> [Directions]
Where a line below holds the string "ezdxf", that line goes into the answer.

> [Dataset entries]
*** Block opens ***

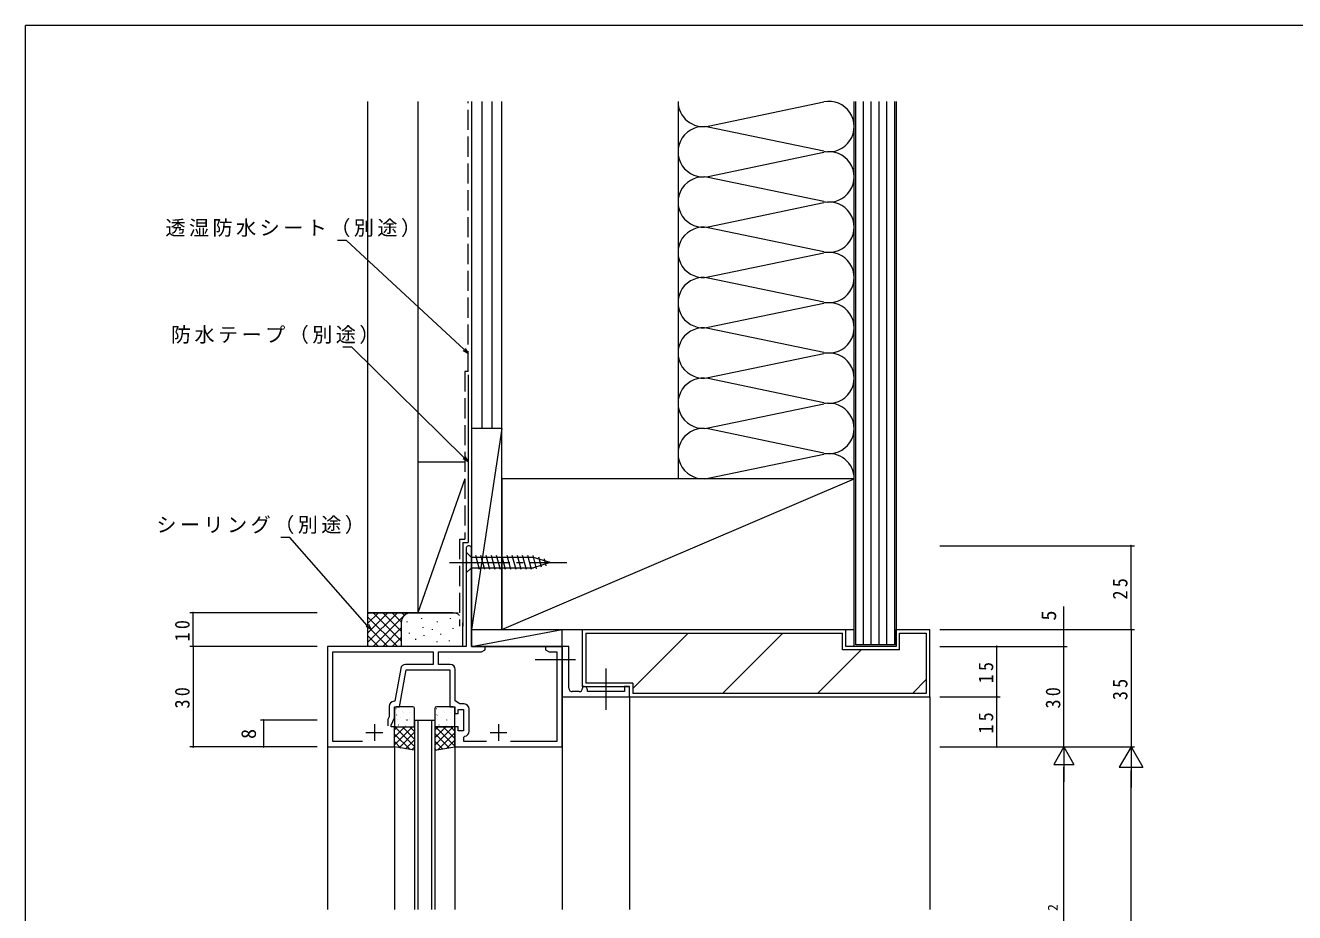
# Model space of a CAD drawing. Units: millimetres, scale not verified. Extents: x -594 to 539, y -420 to 386.
# Drawn here: x -590 to -211.7, y 117.4 to 382 of the extents above; entities that cross this region are included whole.
import ezdxf
from ezdxf.enums import TextEntityAlignment as Align

# ---------------------------------------------------------------- set-up
doc = ezdxf.new("R2010")
doc.units = ezdxf.units.MM
doc.header["$LTSCALE"] = 2
doc.linetypes.add('CHAIN2', pattern=[12, 9, -1, 1, -1])
doc.linetypes.add('DASHED3', pattern=[4, 3, -1])
for name, color, linetype, lineweight in [('0-1_YKK_ZWAK', 7, 'Continuous', 9), ('0-3_YKK_11', 7, 'Continuous', 9), ('0-4_YKK_12', 2, 'Continuous', 9), ('0-5_YSS_K', 3, 'Continuous', 9), ('0-6_YKK_13', 4, 'Continuous', 9), ('0-7_YKK_D', 6, 'Continuous', 9)]:
    doc.layers.add(name, color=color, linetype=linetype, lineweight=lineweight)
doc.styles.add('ＭＳ ゴシック', font='')
doc.styles.get('ＭＳ ゴシック').set_extended_font_data('MS Gothic')

msp = doc.modelspace()

# ---------------------------------------------------------------- linework, layer by layer
at = {"layer": '0-1_YKK_ZWAK'}
for p in [(-590, -368), (510, 382)]:
    msp.add_line(p, (-590, 382), dxfattribs=at)
at = {"layer": '0-3_YKK_11'}
for p, q in [((-458.63, 226.003), (-458.63, 222.276)), ((-457, 196.818), (-457, 226.003)), ((-458.63, 222.276), (-458.51, 222.093)), ((-458.51, 221.543), (-458.63, 221.36)), ((-458.63, 221.36), (-458.63, 196.818)), ((-458.51, 222.093), (-458.51, 221.543)), ((-500, 196.818), (-500, 166.818)), ((-458.63, 196.818), (-500, 196.818)), ((-453, 196.818), (-457, 196.818)), ((-453, 195.818), (-453, 196.818)), ((-435, 196.818), (-435, 195.818)), ((-433.458, 196.818), (-435, 196.818)), ((-433.275, 196.698), (-433.458, 196.818)), ((-432.725, 196.698), (-433.275, 196.698)), ((-432.542, 196.818), (-432.725, 196.698)), ((-432.458, 196.818), (-432.542, 196.818)), ((-432.275, 196.698), (-432.458, 196.818)), ((-431.725, 196.698), (-432.275, 196.698)), ((-431.542, 196.818), (-431.725, 196.698)), ((-430, 196.818), (-431.542, 196.818)), ((-430, 166.818), (-430, 196.818)), ((-430, 196.818), (-430, 183.318)), ((-428, 196.818), (-430, 196.818)), ((-428, 184.318), (-428, 196.818)), ((-498.37, 195.188), (-468.5, 195.188)), ((-498.37, 168.448), (-498.37, 195.188)), ((-468.5, 195.188), (-468.5, 191.448)), ((-466.87, 195.188), (-454.091, 195.188)), ((-466.87, 191.448), (-466.87, 195.188)), ((-454.091, 195.188), (-453, 195.818)), ((-435, 195.818), (-433.909, 195.188)), ((-433.909, 195.188), (-431.63, 195.188)), ((-431.63, 195.188), (-431.63, 168.448)), ((-478.147, 190.208), (-479.868, 180.448)), ((-478.5, 178.818), (-476.56, 189.818)), ((-468.5, 191.448), (-476.669, 191.448)), ((-476.56, 189.818), (-463.5, 189.818)), ((-463.37, 191.448), (-466.87, 191.448)), ((-463.5, 189.818), (-463.5, 178.818)), ((-461.87, 180.618), (-461.87, 189.948)), ((-430, 183.318), (-430, 181.818)), ((-430, 181.818), (-410, 181.818)), ((-425, 183.318), (-427, 183.318)), ((-424, 184.818), (-424, 184.318)), ((-423.5, 184.818), (-424, 184.818)), ((-422.5, 183.318), (-422.5, 183.818)), ((-411.5, 183.318), (-422.5, 183.318)), ((-411.5, 184.818), (-411.5, 183.318)), ((-410, 184.818), (-411.5, 184.818)), ((-410, 181.818), (-410, 184.818)), ((-481.63, 178.948), (-481.63, 175.824)), ((-479.868, 180.448), (-480.13, 180.448)), ((-480, 178.818), (-478.5, 178.818)), ((-480, 175.462), (-480, 178.818)), ((-463.5, 178.818), (-462, 178.818)), ((-462, 178.818), (-462, 176.818)), ((-460.485, 179.648), (-461.87, 180.618)), ((-461, 178.018), (-459.4, 178.018)), ((-461, 176.818), (-461, 178.018)), ((-459.27, 179.648), (-460.485, 179.648)), ((-459.4, 178.018), (-459.4, 171.618)), ((-457.77, 171.488), (-457.77, 178.148)), ((-481.63, 175.824), (-482, 175.03)), ((-482, 175.03), (-482, 173.118)), ((-481, 173.318), (-480, 175.462)), ((-462, 176.818), (-461, 176.818)), ((-488.5, 171.118), (-483.5, 171.118)), ((-486, 173.618), (-486, 168.618)), ((-481, 172.818), (-481, 173.318)), ((-480, 172.818), (-481, 172.818)), ((-480, 166.818), (-480, 172.818)), ((-462, 172.818), (-462, 166.818)), ((-461, 172.818), (-462, 172.818)), ((-461, 171.618), (-461, 172.818)), ((-459.4, 171.618), (-461, 171.618)), ((-451.5, 171.118), (-446.5, 171.118)), ((-449, 173.618), (-449, 168.618)), ((-500, 166.818), (-480, 166.818)), ((-489.536, 168.448), (-498.37, 168.448)), ((-489.536, 168.448), (-498.37, 168.448)), ((-462, 166.818), (-430, 166.818)), ((-459.3, 169.708), (-459.045, 170.005)), ((-459.3, 168.448), (-459.3, 169.708)), ((-452.536, 168.448), (-459.3, 168.448)), ((-431.63, 168.448), (-445.464, 168.448))]:
    msp.add_line(p, q, dxfattribs=at)
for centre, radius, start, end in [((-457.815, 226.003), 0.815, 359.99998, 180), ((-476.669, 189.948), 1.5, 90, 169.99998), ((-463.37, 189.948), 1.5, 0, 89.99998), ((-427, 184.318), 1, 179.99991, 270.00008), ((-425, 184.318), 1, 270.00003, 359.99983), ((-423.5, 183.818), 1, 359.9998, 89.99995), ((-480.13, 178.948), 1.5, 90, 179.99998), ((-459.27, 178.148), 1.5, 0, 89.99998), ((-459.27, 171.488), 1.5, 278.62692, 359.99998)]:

*** Block closes ***

> [Final answer]
import ezdxf
from ezdxf.enums import TextEntityAlignment as Align
doc = ezdxf.new("R2010")
doc.units = ezdxf.units.MM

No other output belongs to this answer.